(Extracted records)
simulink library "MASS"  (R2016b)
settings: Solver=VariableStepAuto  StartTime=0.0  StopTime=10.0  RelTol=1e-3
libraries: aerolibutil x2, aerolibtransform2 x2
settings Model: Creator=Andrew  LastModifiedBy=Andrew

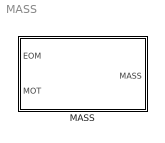
== system MASS ==
  MASS : Subsystem

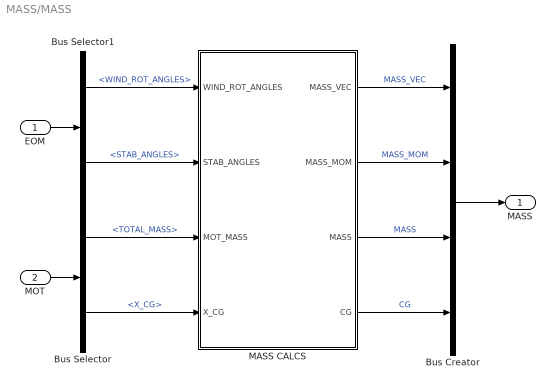
== system MASS/MASS ==
  EOM : Inport
  MOT : Inport  Port=2
  Bus Creator : BusCreator  Inputs=4
  Bus Selector : BusSelector  OutputSignals=TOTAL_MASS,X_CG
  Bus Selector1 : BusSelector  OutputSignals=WIND_ROT_ANGLES,STAB_ANGLES
  MASS CALCS : Subsystem
  MASS : Outport
  wires:
  Bus Selector1/2 -> MASS CALCS/2(STAB_ANGLES)  "<STAB_ANGLES>"
  MOT/1 -> Bus Selector/1
  Bus Selector/1 -> MASS CALCS/3(MOT_MASS)  "<TOTAL_MASS>"
  Bus Selector/2 -> MASS CALCS/4(X_CG)  "<X_CG>"
  EOM/1 -> Bus Selector1/1
  MASS CALCS/3(MASS) -> Bus Creator/3  "MASS"
  MASS CALCS/2(MASS_MOM) -> Bus Creator/2  "MASS_MOM"
  MASS CALCS/1(MASS_VEC) -> Bus Creator/1  "MASS_VEC"
  MASS CALCS/4(CG) -> Bus Creator/4  "CG"
  Bus Creator/1 -> MASS/1
  Bus Selector1/1 -> MASS CALCS/1(WIND_ROT_ANGLES)  "<WIND_ROT_ANGLES>"

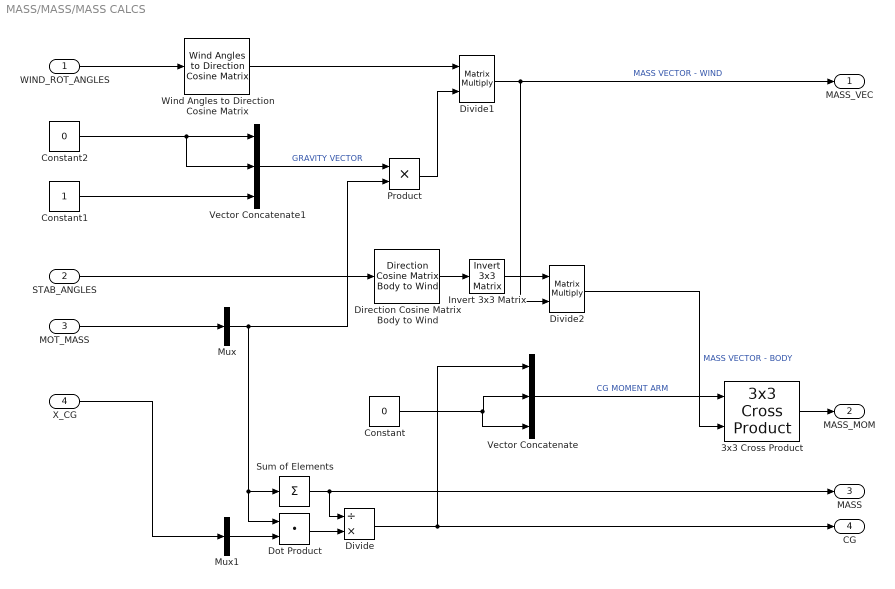
== system MASS/MASS/MASS CALCS ==
  WIND_ROT_ANGLES : Inport
  STAB_ANGLES : Inport  Port=2
  MOT_MASS : Inport  Port=3
  X_CG : Inport  Port=4
  3x3 Cross Product : aerolibutil/3x3 Cross Product
  Constant : Constant  Value=0
  Constant1 : Constant
  Constant2 : Constant  Value=0
  Direction Cosine Matrix Body to Wind : aerolibtransform2/Direction Cosine Matrix Body to Wind
  Divide : Product  Inputs=/*
  Divide1 : Product  Inputs=**  Multiplication=Matrix(*)
  Divide2 : Product  Inputs=**  Multiplication=Matrix(*)
  Dot Product : DotProduct  InputSameDT=on  OutDataTypeStr=Inherit: Inherit via internal rule
  Invert 3x3 Matrix : aerolibutil/Invert  3x3 Matrix
  Mux : Mux  Inputs=1
  Mux1 : Mux  Inputs=1
  Product : Product
  Sum of Elements : Sum  Inputs=+
  Vector Concatenate : Concatenate  NumInputs=3
  Vector Concatenate1 : Concatenate  NumInputs=3
  Wind Angles to Direction Cosine Matrix : aerolibtransform2/Wind Angles to  Direction Cosine Matrix
  MASS_VEC : Outport
  MASS_MOM : Outport  Port=2
  MASS : Outport  Port=3
  CG : Outport  Port=4
  wires:
  MOT_MASS/1 -> Mux/1
  X_CG/1 -> Mux1/1
  Mux1/1 -> Dot Product/2
  Mux/1 -> Sum of Elements/1, Dot Product/1, Product/2
  Dot Product/1 -> Divide/2
  Divide/1 -> Vector Concatenate/1, CG/1
  Sum of Elements/1 -> MASS/1, Divide/1
  Constant/1 -> Vector Concatenate/3, Vector Concatenate/2
  3x3 Cross Product/1 -> MASS_MOM/1
  Vector Concatenate/1 -> 3x3 Cross Product/1  "CG MOMENT ARM"
  Constant2/1 -> Vector Concatenate1/2, Vector Concatenate1/1
  Vector Concatenate1/1 -> Product/1  "GRAVITY VECTOR"
  WIND_ROT_ANGLES/1 -> Wind Angles to Direction Cosine Matrix/1
  Wind Angles to Direction Cosine Matrix/1 -> Divide1/1
  Product/1 -> Divide1/2
  Direction Cosine Matrix Body to Wind/1 -> Invert 3x3 Matrix/1
  Invert 3x3 Matrix/1 -> Divide2/1
  Divide1/1 -> MASS_VEC/1, Divide2/2  "MASS VECTOR - WIND"
  Divide2/1 -> 3x3 Cross Product/2  "MASS VECTOR - BODY"
  STAB_ANGLES/1 -> Direction Cosine Matrix Body to Wind/1
  Constant1/1 -> Vector Concatenate1/3

(Action item)
A word-for-word copy of the entries above is needed, with every picture dropped.

(Response for this exercise)
simulink library "MASS"  (R2016b)
settings: Solver=VariableStepAuto  StartTime=0.0  StopTime=10.0  RelTol=1e-3
libraries: aerolibutil x2, aerolibtransform2 x2
settings Model: Creator=Andrew  LastModifiedBy=Andrew

== system MASS ==
  MASS : Subsystem

== system MASS/MASS ==
  EOM : Inport
  MOT : Inport  Port=2
  Bus Creator : BusCreator  Inputs=4
  Bus Selector : BusSelector  OutputSignals=TOTAL_MASS,X_CG
  Bus Selector1 : BusSelector  OutputSignals=WIND_ROT_ANGLES,STAB_ANGLES
  MASS CALCS : Subsystem
  MASS : Outport
  wires:
  Bus Selector1/2 -> MASS CALCS/2(STAB_ANGLES)  "<STAB_ANGLES>"
  MOT/1 -> Bus Selector/1
  Bus Selector/1 -> MASS CALCS/3(MOT_MASS)  "<TOTAL_MASS>"
  Bus Selector/2 -> MASS CALCS/4(X_CG)  "<X_CG>"
  EOM/1 -> Bus Selector1/1
  MASS CALCS/3(MASS) -> Bus Creator/3  "MASS"
  MASS CALCS/2(MASS_MOM) -> Bus Creator/2  "MASS_MOM"
  MASS CALCS/1(MASS_VEC) -> Bus Creator/1  "MASS_VEC"
  MASS CALCS/4(CG) -> Bus Creator/4  "CG"
  Bus Creator/1 -> MASS/1
  Bus Selector1/1 -> MASS CALCS/1(WIND_ROT_ANGLES)  "<WIND_ROT_ANGLES>"

== system MASS/MASS/MASS CALCS ==
  WIND_ROT_ANGLES : Inport
  STAB_ANGLES : Inport  Port=2
  MOT_MASS : Inport  Port=3
  X_CG : Inport  Port=4
  3x3 Cross Product : aerolibutil/3x3 Cross Product
  Constant : Constant  Value=0
  Constant1 : Constant
  Constant2 : Constant  Value=0
  Direction Cosine Matrix Body to Wind : aerolibtransform2/Direction Cosine Matrix Body to Wind
  Divide : Product  Inputs=/*
  Divide1 : Product  Inputs=**  Multiplication=Matrix(*)
  Divide2 : Product  Inputs=**  Multiplication=Matrix(*)
  Dot Product : DotProduct  InputSameDT=on  OutDataTypeStr=Inherit: Inherit via internal rule
  Invert 3x3 Matrix : aerolibutil/Invert  3x3 Matrix
  Mux : Mux  Inputs=1
  Mux1 : Mux  Inputs=1
  Product : Product
  Sum of Elements : Sum  Inputs=+
  Vector Concatenate : Concatenate  NumInputs=3
  Vector Concatenate1 : Concatenate  NumInputs=3
  Wind Angles to Direction Cosine Matrix : aerolibtransform2/Wind Angles to  Direction Cosine Matrix
  MASS_VEC : Outport
  MASS_MOM : Outport  Port=2
  MASS : Outport  Port=3
  CG : Outport  Port=4
  wires:
  MOT_MASS/1 -> Mux/1
  X_CG/1 -> Mux1/1
  Mux1/1 -> Dot Product/2
  Mux/1 -> Sum of Elements/1, Dot Product/1, Product/2
  Dot Product/1 -> Divide/2
  Divide/1 -> Vector Concatenate/1, CG/1
  Sum of Elements/1 -> MASS/1, Divide/1
  Constant/1 -> Vector Concatenate/3, Vector Concatenate/2
  3x3 Cross Product/1 -> MASS_MOM/1
  Vector Concatenate/1 -> 3x3 Cross Product/1  "CG MOMENT ARM"
  Constant2/1 -> Vector Concatenate1/2, Vector Concatenate1/1
  Vector Concatenate1/1 -> Product/1  "GRAVITY VECTOR"
  WIND_ROT_ANGLES/1 -> Wind Angles to Direction Cosine Matrix/1
  Wind Angles to Direction Cosine Matrix/1 -> Divide1/1
  Product/1 -> Divide1/2
  Direction Cosine Matrix Body to Wind/1 -> Invert 3x3 Matrix/1
  Invert 3x3 Matrix/1 -> Divide2/1
  Divide1/1 -> MASS_VEC/1, Divide2/2  "MASS VECTOR - WIND"
  Divide2/1 -> 3x3 Cross Product/2  "MASS VECTOR - BODY"
  STAB_ANGLES/1 -> Direction Cosine Matrix Body to Wind/1
  Constant1/1 -> Vector Concatenate1/3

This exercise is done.